# Looking for a good mountain and sky background (5 ft X 14 ft) for my layout



## yellow_cad (Oct 30, 2020)

My layout is not large and it is outside and on the ground. It depicts a 1930s farm community in Colorado. I would like to put a background on the fence that is a flower bed away from the layout. I would like it vinyl or something similar so it has some durability. Rather than striking out on my own, I thought I would see what others have done. Thanks for any help on this. Jim


----------



## fyrekop (Sep 20, 2011)

Have you thought about reaching out to the Art Dept. of a local School/College? Something like that might interest one of the students or instructors. I had the chance to speak to a local mural painter when she was doing the wall around a local motel. and have considered having her do one on my back wall. Students might be less expensive than a professional,


----------



## GA Josh (Nov 6, 2021)

I just installed a Colorado mountain backdrop, two sheets 8' tall by 12' long each (there is a repeat) 
bought from Buy-backdrop.com. I got the wrinkles out after I took the photos.
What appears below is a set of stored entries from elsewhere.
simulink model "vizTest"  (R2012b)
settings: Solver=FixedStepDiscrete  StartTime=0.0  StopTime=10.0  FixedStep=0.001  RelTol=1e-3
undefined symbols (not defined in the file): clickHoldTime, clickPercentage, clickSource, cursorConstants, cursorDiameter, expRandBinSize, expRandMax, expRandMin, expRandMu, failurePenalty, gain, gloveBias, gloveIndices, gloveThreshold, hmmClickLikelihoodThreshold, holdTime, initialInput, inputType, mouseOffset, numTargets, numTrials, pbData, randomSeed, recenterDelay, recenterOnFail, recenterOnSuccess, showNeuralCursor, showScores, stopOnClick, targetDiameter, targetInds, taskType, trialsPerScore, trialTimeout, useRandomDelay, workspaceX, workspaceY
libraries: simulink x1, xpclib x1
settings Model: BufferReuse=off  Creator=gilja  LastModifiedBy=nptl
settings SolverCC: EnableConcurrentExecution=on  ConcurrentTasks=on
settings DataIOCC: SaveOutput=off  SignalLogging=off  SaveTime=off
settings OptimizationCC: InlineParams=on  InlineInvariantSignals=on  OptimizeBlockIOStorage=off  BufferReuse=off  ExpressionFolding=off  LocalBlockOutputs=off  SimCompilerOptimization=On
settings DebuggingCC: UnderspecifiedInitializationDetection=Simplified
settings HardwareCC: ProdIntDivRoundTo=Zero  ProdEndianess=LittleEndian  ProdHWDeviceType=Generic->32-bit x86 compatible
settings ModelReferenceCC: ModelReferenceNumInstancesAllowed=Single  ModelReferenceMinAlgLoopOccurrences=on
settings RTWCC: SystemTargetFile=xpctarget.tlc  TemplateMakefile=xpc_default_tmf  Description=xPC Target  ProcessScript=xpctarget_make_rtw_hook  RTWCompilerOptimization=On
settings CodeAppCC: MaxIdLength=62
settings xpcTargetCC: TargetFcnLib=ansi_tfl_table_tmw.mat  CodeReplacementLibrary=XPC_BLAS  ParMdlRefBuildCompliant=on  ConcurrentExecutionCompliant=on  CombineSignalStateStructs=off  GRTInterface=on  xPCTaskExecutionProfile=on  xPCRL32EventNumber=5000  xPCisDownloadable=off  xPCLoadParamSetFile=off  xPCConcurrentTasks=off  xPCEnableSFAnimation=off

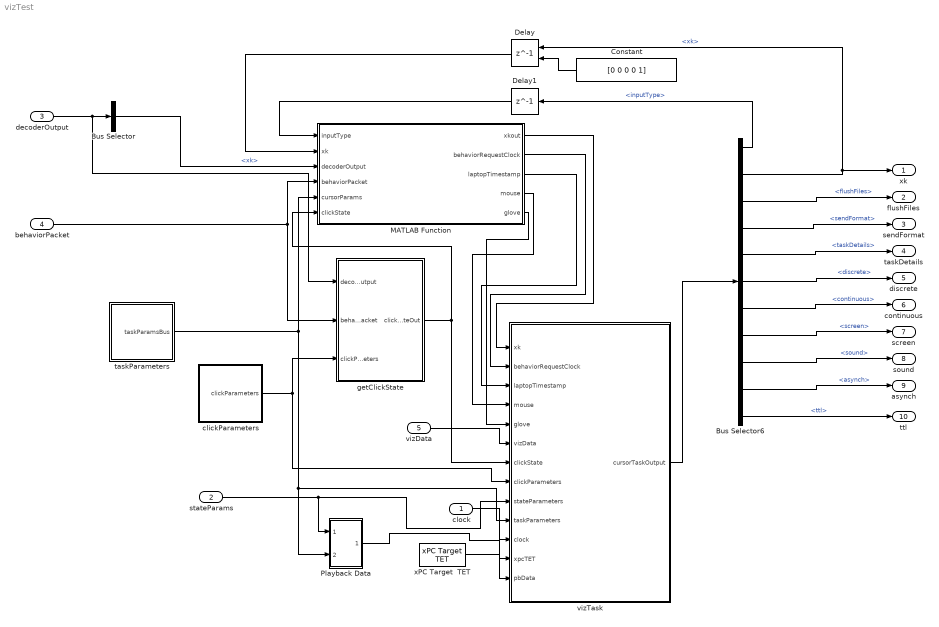
== system vizTest ==
  clock : Inport  OutDataTypeStr=uint32
  stateParams : Inport  Port=2  OutDataTypeStr=Bus: stateParams
  decoderOutput : Inport  Port=3  OutDataTypeStr=Bus: decoderOutput
  behaviorPacket : Inport  Port=4  OutDataTypeStr=Bus: behaviorPacketBus
  vizData : Inport  Port=5  OutDataTypeStr=Bus: peripheralData
  Bus Selector : BusSelector  OutputSignals=xk
  Bus Selector6 : BusSelector  OutputSignals=inputType,xk,flushFiles,sendFormat,taskDetails,discrete,continuous,screen,sound,asynch,ttl
  Constant : Constant  Value=[0 0 0 0 1]
  Delay : Delay  DelayLength=1  InitialConditionSource=Input port  InitialCondition=0
      settings: InputPortMap=u0,p4
  Delay1 : Delay  DelayLength=1  InitialCondition=0
  MATLAB Function : MATLAB Function  TreatAsAtomicUnit=on
  Playback Data : Subsystem
  clickParameters : Subsystem
  getClickState : MATLAB Function  TreatAsAtomicUnit=on
  taskParameters : Subsystem
  vizTask : MATLAB Function  TreatAsAtomicUnit=on
  "xPC Target  TET " : xpclib/Misc./xPC Target  TET   ts=0.001
  xk : Outport
  flushFiles : Outport  Port=2
  sendFormat : Outport  Port=3
  taskDetails : Outport  Port=4  OutDataTypeStr=Bus: fileLoggerFormat  BusOutputAsStruct=on
  discrete : Outport  Port=5  OutDataTypeStr=Bus: fileLoggerFormatAndData  BusOutputAsStruct=on
  continuous : Outport  Port=6  OutDataTypeStr=Bus: fileLoggerFormatAndData  BusOutputAsStruct=on
  screen : Outport  Port=7  OutDataTypeStr=Bus: fileLoggerFormatAndData  BusOutputAsStruct=on
  sound : Outport  Port=8  OutDataTypeStr=Bus: fileLoggerFormatAndData  BusOutputAsStruct=on
  asynch : Outport  Port=9  OutDataTypeStr=Bus: fileLoggerFormatAndData  BusOutputAsStruct=on
  ttl : Outport  Port=10  OutDataTypeStr=double  BusOutputAsStruct=on
  wires:
  clock/1 -> vizTask/11(clock)
  taskParameters/1(taskParamsBus) -> MATLAB Function/5(cursorParams), vizTask/10(taskParameters), Playback Data/2(cursorParams)
  "xPC Target  TET "/1 -> vizTask/12(xpcTET)
  stateParams/1 -> vizTask/9(stateParameters), Playback Data/1(stateParams)
  vizTask/1(cursorTaskOutput) -> Bus Selector6/1
  Bus Selector6/2 -> Delay/1, xk/1  "<xk>"
  Bus Selector6/3 -> flushFiles/1  "<flushFiles>"
  Bus Selector6/4 -> sendFormat/1  "<sendFormat>"
  Bus Selector6/6 -> discrete/1  "<discrete>"
  Bus Selector6/7 -> continuous/1  "<continuous>"
  Bus Selector6/5 -> taskDetails/1  "<taskDetails>"
  vizData/1 -> vizTask/6(vizData)
  MATLAB Function/1(xkout) -> vizTask/1(xk)
  Bus Selector6/8 -> screen/1  "<screen>"
  Delay/1 -> MATLAB Function/2(xk)
  MATLAB Function/2(behaviorRequestClock) -> vizTask/2(behaviorRequestClock)
  MATLAB Function/3(laptopTimestamp) -> vizTask/3(laptopTimestamp)
  MATLAB Function/4(mouse) -> vizTask/4(mouse)
  Bus Selector6/1 -> Delay1/1  "<inputType>"
  Delay1/1 -> MATLAB Function/1(inputType)
  Constant/1 -> Delay/2
  Playback Data/1(pbData) -> vizTask/13(pbData)
  behaviorPacket/1 -> MATLAB Function/4(behaviorPacket), getClickState/2(behaviorPacket)
  clickParameters/1(clickParameters) -> getClickState/3(clickParameters), vizTask/8(clickParameters)
  getClickState/1(clickStateOut) -> vizTask/7(clickState), MATLAB Function/6(clickState)
  MATLAB Function/5(glove) -> vizTask/5(glove)
  decoderOutput/1 -> getClickState/1(decoderOutput), Bus Selector/1
  Bus Selector/1 -> MATLAB Function/3(decoderOutput)  "<xk>"
  Bus Selector6/11 -> ttl/1  "<ttl>"
  Bus Selector6/9 -> sound/1  "<sound>"
  Bus Selector6/10 -> asynch/1  "<asynch>"

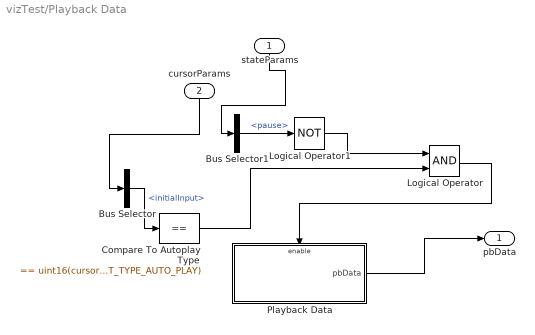
== system vizTest/Playback Data ==
  stateParams : Inport
  cursorParams : Inport  Port=2
  Bus Selector : BusSelector  OutputSignals=initialInput
  Bus Selector1 : BusSelector  OutputSignals=pause
  Compare To Autoplay Type : simulink/Logic and Bit Operations/Compare To Constant  relop===  const=uint16(cursorConstants.INPUT_TYPE_AUTO_PLAY)  OutDataTypeStr=boolean
  Logical Operator : Logic  AllPortsSameDT=off  OutDataTypeStr=boolean
  Logical Operator1 : Logic  Operator=NOT  AllPortsSameDT=off  OutDataTypeStr=boolean
  Playback Data : Subsystem
  pbData : Outport
  wires:
  Logical Operator/1 -> Playback Data/Enable
  Playback Data/1(pbData) -> pbData/1
  stateParams/1 -> Bus Selector1/1
  cursorParams/1 -> Bus Selector/1
  Bus Selector1/1 -> Logical Operator1/1  "<pause>"
  Bus Selector/1 -> Compare To Autoplay Type/1  "<initialInput>"
  Compare To Autoplay Type/1 -> Logical Operator/2
  Logical Operator1/1 -> Logical Operator/1

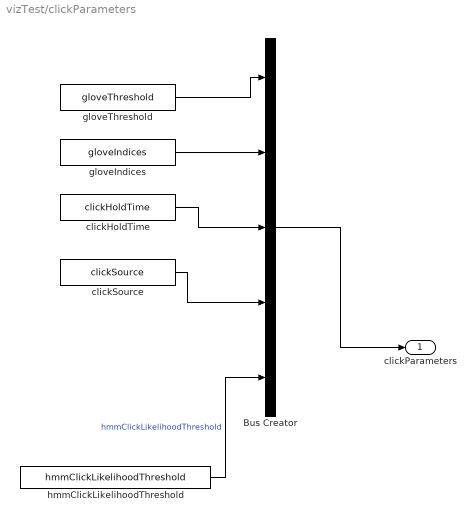
== system vizTest/clickParameters ==
  Bus Creator : BusCreator  Inputs=5  OutDataTypeStr=Bus: clickParametersBus  NonVirtualBus=on
  clickHoldTime : Constant  Value=clickHoldTime
  clickSource : Constant  Value=clickSource
  gloveIndices : Constant  Value=gloveIndices
  gloveThreshold : Constant  Value=gloveThreshold
  hmmClickLikelihoodThreshold : Constant  Value=hmmClickLikelihoodThreshold  VectorParams1D=off
  clickParameters : Outport
  wires:
  Bus Creator/1 -> clickParameters/1
  gloveThreshold/1 -> Bus Creator/1
  gloveIndices/1 -> Bus Creator/2
  clickHoldTime/1 -> Bus Creator/3
  clickSource/1 -> Bus Creator/4
  hmmClickLikelihoodThreshold/1 -> Bus Creator/5  "hmmClickLikelihoodThreshold"

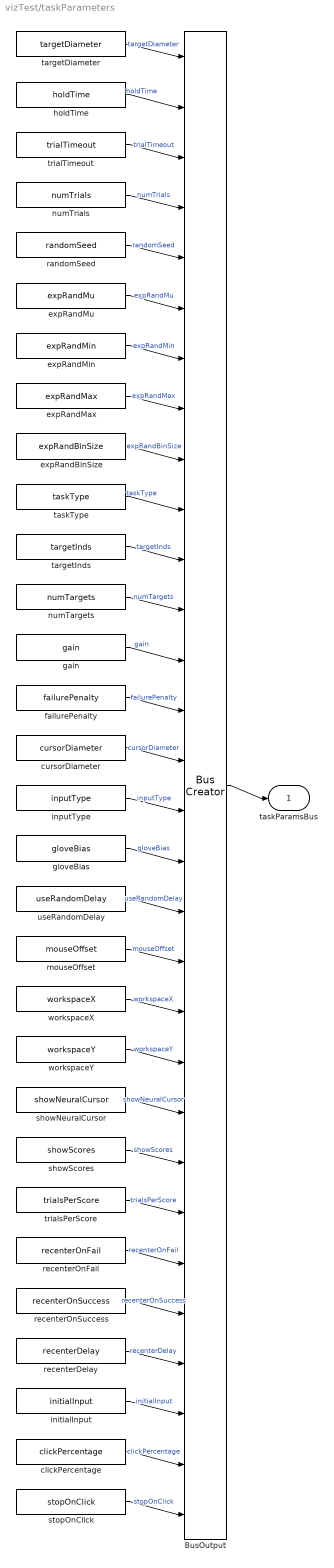
== system vizTest/taskParameters ==
  BusOutput : BusCreator  Inputs=targetDiameter,holdTime,trialTimeout,numTrials,randomSeed,expRandMu,expRandMin,expRandMax,expRandBinSize,taskType,targetInds,numTargets,gain,failurePenalty,cursorDiameter,inputType,gloveBias,useRandomDelay,mouseOffset,workspaceX,workspaceY,showNeuralCursor,showScores,trialsPerScore,recenterOnFail,recenterOnSuccess,recenterDelay,initialInput,clickPercentage,stopOnClick  OutDataTypeStr=Bus: taskParamsBus
  clickPercentage : Constant  Value=clickPercentage
  cursorDiameter : Constant  Value=cursorDiameter
  expRandBinSize : Constant  Value=expRandBinSize
  expRandMax : Constant  Value=expRandMax
  expRandMin : Constant  Value=expRandMin
  expRandMu : Constant  Value=expRandMu
  failurePenalty : Constant  Value=failurePenalty
  gain : Constant  Value=gain
  gloveBias : Constant  Value=gloveBias
  holdTime : Constant  Value=holdTime
  initialInput : Constant  Value=initialInput
  inputType : Constant  Value=inputType
  mouseOffset : Constant  Value=mouseOffset
  numTargets : Constant  Value=numTargets
  numTrials : Constant  Value=numTrials
  randomSeed : Constant  Value=randomSeed
  recenterDelay : Constant  Value=recenterDelay
  recenterOnFail : Constant  Value=recenterOnFail
  recenterOnSuccess : Constant  Value=recenterOnSuccess
  showNeuralCursor : Constant  Value=showNeuralCursor
  showScores : Constant  Value=showScores
  stopOnClick : Constant  Value=stopOnClick
  targetDiameter : Constant  Value=targetDiameter
  targetInds : Constant  Value=targetInds
  taskType : Constant  Value=taskType
  trialTimeout : Constant  Value=trialTimeout
  trialsPerScore : Constant  Value=trialsPerScore
  useRandomDelay : Constant  Value=useRandomDelay
  workspaceX : Constant  Value=workspaceX
  workspaceY : Constant  Value=workspaceY
  taskParamsBus : Outport
  wires:
  targetDiameter/1 -> BusOutput/1  "targetDiameter"
  holdTime/1 -> BusOutput/2  "holdTime"
  trialTimeout/1 -> BusOutput/3  "trialTimeout"
  numTrials/1 -> BusOutput/4  "numTrials"
  randomSeed/1 -> BusOutput/5  "randomSeed"
  expRandMu/1 -> BusOutput/6  "expRandMu"
  expRandMin/1 -> BusOutput/7  "expRandMin"
  expRandMax/1 -> BusOutput/8  "expRandMax"
  expRandBinSize/1 -> BusOutput/9  "expRandBinSize"
  taskType/1 -> BusOutput/10  "taskType"
  targetInds/1 -> BusOutput/11  "targetInds"
  numTargets/1 -> BusOutput/12  "numTargets"
  gain/1 -> BusOutput/13  "gain"
  failurePenalty/1 -> BusOutput/14  "failurePenalty"
  cursorDiameter/1 -> BusOutput/15  "cursorDiameter"
  inputType/1 -> BusOutput/16  "inputType"
  gloveBias/1 -> BusOutput/17  "gloveBias"
  useRandomDelay/1 -> BusOutput/18  "useRandomDelay"
  mouseOffset/1 -> BusOutput/19  "mouseOffset"
  workspaceX/1 -> BusOutput/20  "workspaceX"
  workspaceY/1 -> BusOutput/21  "workspaceY"
  showNeuralCursor/1 -> BusOutput/22  "showNeuralCursor"
  showScores/1 -> BusOutput/23  "showScores"
  trialsPerScore/1 -> BusOutput/24  "trialsPerScore"
  recenterOnFail/1 -> BusOutput/25  "recenterOnFail"
  recenterOnSuccess/1 -> BusOutput/26  "recenterOnSuccess"
  recenterDelay/1 -> BusOutput/27  "recenterDelay"
  initialInput/1 -> BusOutput/28  "initialInput"
  clickPercentage/1 -> BusOutput/29  "clickPercentage"
  stopOnClick/1 -> BusOutput/30  "stopOnClick"
  BusOutput/1 -> taskParamsBus/1

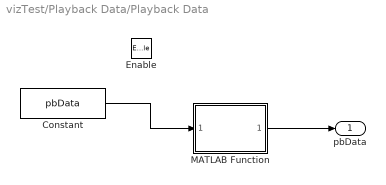
== system vizTest/Playback Data/Playback Data ==
  Enable : EnablePort
  Constant : Constant  Value=pbData
  MATLAB Function : MATLAB Function  TreatAsAtomicUnit=on
  pbData : Outport  InitialOutput=[0]
  wires:
  Constant/1 -> MATLAB Function/1(pbData)
  MATLAB Function/1(pbDataSelect) -> pbData/1

== matlab function vizTest/Playback Data/Playback Data/MATLAB Function ==
  data: pbData input single; pbDataSelect output single
function pbDataSelect = fcn(pbData)
%#codegen
persistent idx;

MAX_PLAYBACK_LENGTH = 300*1000;

if(isempty(idx))
    idx = 1;
end

pbDataSelect = pbData(idx, :);

if((idx < size(pbData,1)) && (idx < MAX_PLAYBACK_LENGTH))
    idx = idx + 1;
else
    pbDataSelect = single([0 -10000 -10000 -10000 -10000]);
end

== matlab function vizTest/MATLAB Function ==
  data: inputType input uint16 size=1; xk input size=[5 1]; decoderOutput input size=[5 1]; xkout output size=[5 1]; behaviorPacket input; cursorParams input; behaviorRequestClock output uint32 size=1; laptopTimestamp output uint8 size=16; mouse output int32 size=6; clickState input; glove output
function [xkout,behaviorRequestClock, laptopTimestamp, mouse, glove] = updateXk(inputType, xk, decoderOutput, behaviorPacket, cursorParams, clickState)


xkout = xk;

if ~cursorParams.stopOnClick || clickState == uint16(DiscreteStates.CLICK_IDLE) 
    switch inputType
        case cursorConstants.INPUT_TYPE_MOUSE_RELATIVE
            xkout(3) = cursorParams.gain(1).*double(behaviorPacket.mouse(1));
            xkout(4) = cursorParams.gain(2).*double(behaviorPacket.mouse(2));
        case cursorConstants.INPUT_TYPE_MOUSE_ABSOLUTE
            xkout(3) = cursorParams.gain(1).*(double(behaviorPacket.mouse(1))-double(cursorParams.mouseOffset(1))) - xk(1);
            xkout(4) = cursorParams.gain(2).*(double(behaviorPacket.mouse(2))-double(cursorParams.mouseOffset(2))) - xk(2);
        case cursorConstants.INPUT_TYPE_DECODE_V
            xkout(3) = decoderOutput(3);
            xkout(4) = decoderOutput(4);
    end
    xkout(1:2) = xkout(1:2)+xkout(3:4);
    if xkout(1) > cursorParams.workspaceX(2)
        xkout(1) = cursorParams.workspaceX(2);
        xkout(3) = 0;
    elseif xkout(1) < cursorParams.workspaceX(1)
        xkout(1) = cursorParams.workspaceX(1);
        xkout(3) = 0;
    end
    if xkout(2) > cursorParams.workspaceY(2)
        xkout(2) = cursorParams.workspaceY(2);
        xkout(4) = 0;
    elseif xkout(2) < cursorParams.workspaceY(1)
        xkout(2) = cursorParams.workspaceY(1);
        xkout(4) = 0;
    end
end
mouse = behaviorPacket.mouse(1:6);
glove = behaviorPacket.glove(1:5);
behaviorRequestClock = behaviorPacket.xpcRequestClock;
laptopTimestamp = behaviorPacket.laptopTimestamp(1:16);

end

== matlab function vizTest/vizTask ==
  data: xk input double size=[5 1]; behaviorRequestClock input uint32 size=1; laptopTimestamp input uint8 size=16; mouse input int32 size=6; glove input; vizData input Bus: peripheralData; clickState input; clickParameters input Bus: clickParametersBus; cursorTaskOutput output Bus: cursorTaskOutput; stateParameters input Bus: stateParams size=1; taskParameters input Bus: taskParamsBus; clock input; xpcTET input; pbData input single
function cursorTaskOutput  = vizTest(xk, behaviorRequestClock, laptopTimestamp, mouse, glove, vizData, clickState, clickParameters, stateParameters, taskParameters, clock, xpcTET, pbData)
%#codegen

%% CONSTANTS
TASK_NAME = 'viztest';
VERSION_ID = single(2.010);
NUM_DIMS = double(cursorConstants.NUM_DIMENSIONS);
STATEVEC_SIZE = 2*NUM_DIMS+1;
INIT_LENGTH = uint16(100); %ms
PRE_TRIAL_LENGTH = uint16(20); %ms
SCORE_LENGTH = uint16(4000); %ms
INIT_TIME = uint32(100);
CUE_LENGTH = taskParameters.holdTime;%uint16(200);
BLANK_LENGTH = uint16(800);


%% INITIALIZE CURSOR TASK OUTPUT
fileLoggerData.data = uint8(zeros(1,1400));
fileLoggerData.dataLen = uint16(0);
fileLoggerData.fileName = uint8(zeros(1,20));
fileLoggerData.send = false;

fileLoggerFormat.format = uint8(zeros(1,1400));
fileLoggerFormat.formatLen = uint16(0);
fileLoggerFormat.fileName = uint8(zeros(1,20));

fileLoggerFormatAndData.format = fileLoggerFormat;
fileLoggerFormatAndData.data = fileLoggerData;

cursorTaskOutput.flushFiles = false;
cursorTaskOutput.sendFormat = false;
cursorTaskOutput.taskDetails = fileLoggerFormat;
cursorTaskOutput.discrete = fileLoggerFormatAndData;
cursorTaskOutput.continuous = fileLoggerFormatAndData;
cursorTaskOutput.screen = fileLoggerFormatAndData;
cursorTaskOutput.sound = fileLoggerFormatAndData;
cursorTaskOutput.asynch = fileLoggerFormatAndData;
cursorTaskOutput.ttl = double(0);
cursorTaskOutput.xk = xk;
cursorTaskOutput.inputType = taskParameters.initialInput;

%% TASK DETAILS PACKET
cursorTaskOutput.taskDetails = packFileLoggerTaskDetails(TASK_NAME, VERSION_ID, ...
    'STATE_INIT', uint8(CursorStates.STATE_INIT), ...
    'STATE_PRE_TRIAL', uint8(CursorStates.STATE_PRE_TRIAL),...
    'STATE_NEW_TARGET', uint8(CursorStates.STATE_NEW_TARGET),...
    'STATE_MOVE', uint8(CursorStates.STATE_MOVE),...
    'STATE_ACQUIRE', uint8(CursorStates.STATE_ACQUIRE),...
    'STATE_SUCCESS', uint8(CursorStates.STATE_SUCCESS),...
    'STATE_FAIL', uint8(CursorStates.STATE_FAIL),...
    'STATE_CENTER_TARGET', uint8(CursorStates.STATE_CENTER_TARGET),...
    'STATE_END', uint8(CursorStates.STATE_END),...
    'STATE_SCORE_PAUSE', uint8(CursorStates.STATE_SCORE_PAUSE),...
    'STATE_SCORE_TARGET', uint8(CursorStates.STATE_SCORE_TARGET),...
    'STATE_RECENTER_DELAY', uint8(CursorStates.STATE_RECENTER_DELAY),...
    'STATE_MOVE_CLICK', uint8(CursorStates.STATE_MOVE_CLICK),...
    'STATE_MOVE_HOVER', uint8(CursorStates.STATE_HOVER),...
    'CLICK_IDLE', uint8(DiscreteStates.CLICK_IDLE),...
    'CLICK_MAIN', uint8(DiscreteStates.CLICK_MAIN),...
    'TASK_CENTER_OUT', uint8(cursorConstants.TASK_CENTER_OUT), ...
    'TARGET_TYPE_DWELL', uint8(cursorConstants.TARGET_TYPE_DWELL), ...
    'TARGET_TYPE_CLICK', uint8(cursorConstants.TARGET_TYPE_CLICK), ...
    'INPUT_TYPE_MOUSE_ABSOLUTE', uint8(cursorConstants.INPUT_TYPE_MOUSE_ABSOLUTE), ...
    'INPUT_TYPE_DECODE_V', uint8(cursorConstants.INPUT_TYPE_DECODE_V),...
    'INPUT_TYPE_AUTO_PLAY', uint8(cursorConstants.INPUT_TYPE_AUTO_PLAY),...
    'CLICK_TYPE_NONE', uint8(cursorConstants.CLICK_TYPE_NONE),...
    'CLICK_TYPE_GLOVE', uint8(cursorConstants.CLICK_TYPE_GLOVE),...
    'CLICK_TYPE_NEURAL', uint8(cursorConstants.CLICK_TYPE_NEURAL)...
);



%% DEFINE PERSISTENTS
persistent state vizPacket;
persistent pauseTriggered;
persistent stateTimer;
persistent holdTimer;
persistent cursorColors;

persistent currentTarget;
persistent nextTarget;
persistent currentTargetType nextTargetType;
persistent trialNum targetOrder cycleNum cycleIndex;
persistent trialDelayLength;

persistent localAcquired localTotal localTotalTime localAcqTime;
persistent localScore totalScore;
persistent acquireTime lastState;

persistent lockedParameters inputType;
persistent stateBeforePreTrial;

%% INITIALIZE PERSISTENTS
if(isempty(state))
    state = uint16(CursorStates.STATE_INIT);
    lastState = state;
    currentTarget = int16(zeros([2 1]));
    nextTarget = int16(zeros([2 1]));
    
    vizPacket = initVizPacket;
    stateTimer = uint16(0);
    holdTimer = uint16(0);
    pauseTriggered = true;
    
    cursorColors = double(zeros([3 2]));
    
    xk = double(zeros([STATEVEC_SIZE 1]));
    xk(end,1) = 1;
    
    %% buffer all the parameters off the bus
    lockedParameters = taskParameters;
    inputType = lockedParameters.initialInput;
    
    targetOrder = uint16(zeros([1 double(cursorConstants.MAX_TARGETS)]));
    trialNum = uint16(0);
    cycleNum = uint16(0);
    cycleIndex = uint16(0);
    trialDelayLength = uint16(0);
    
    localTotal = uint16(0);
    localTotalTime = uint16(0);
    localAcquired = uint16(0);
    localAcqTime = uint16(0);
    localScore = uint16(0);
    totalScore = uint16(0);
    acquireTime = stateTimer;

My only real concern at the price I paid is fading in the sun.









------------------------------------------------------
1 x Durable Vinyl Backdrops Vinyl Backdrops Spring Mountain Theme Photo Hot
Sale Backdrop Prop For Personal Photo (BDMMH44485) = $39.00
Material Thin Vinyl
Size 8 X 12FT(2.5X3.6M)
------------------------------------------------------
Sub-Total: $39.00
Standard Shipping: $8.00
Total: $47.00


----------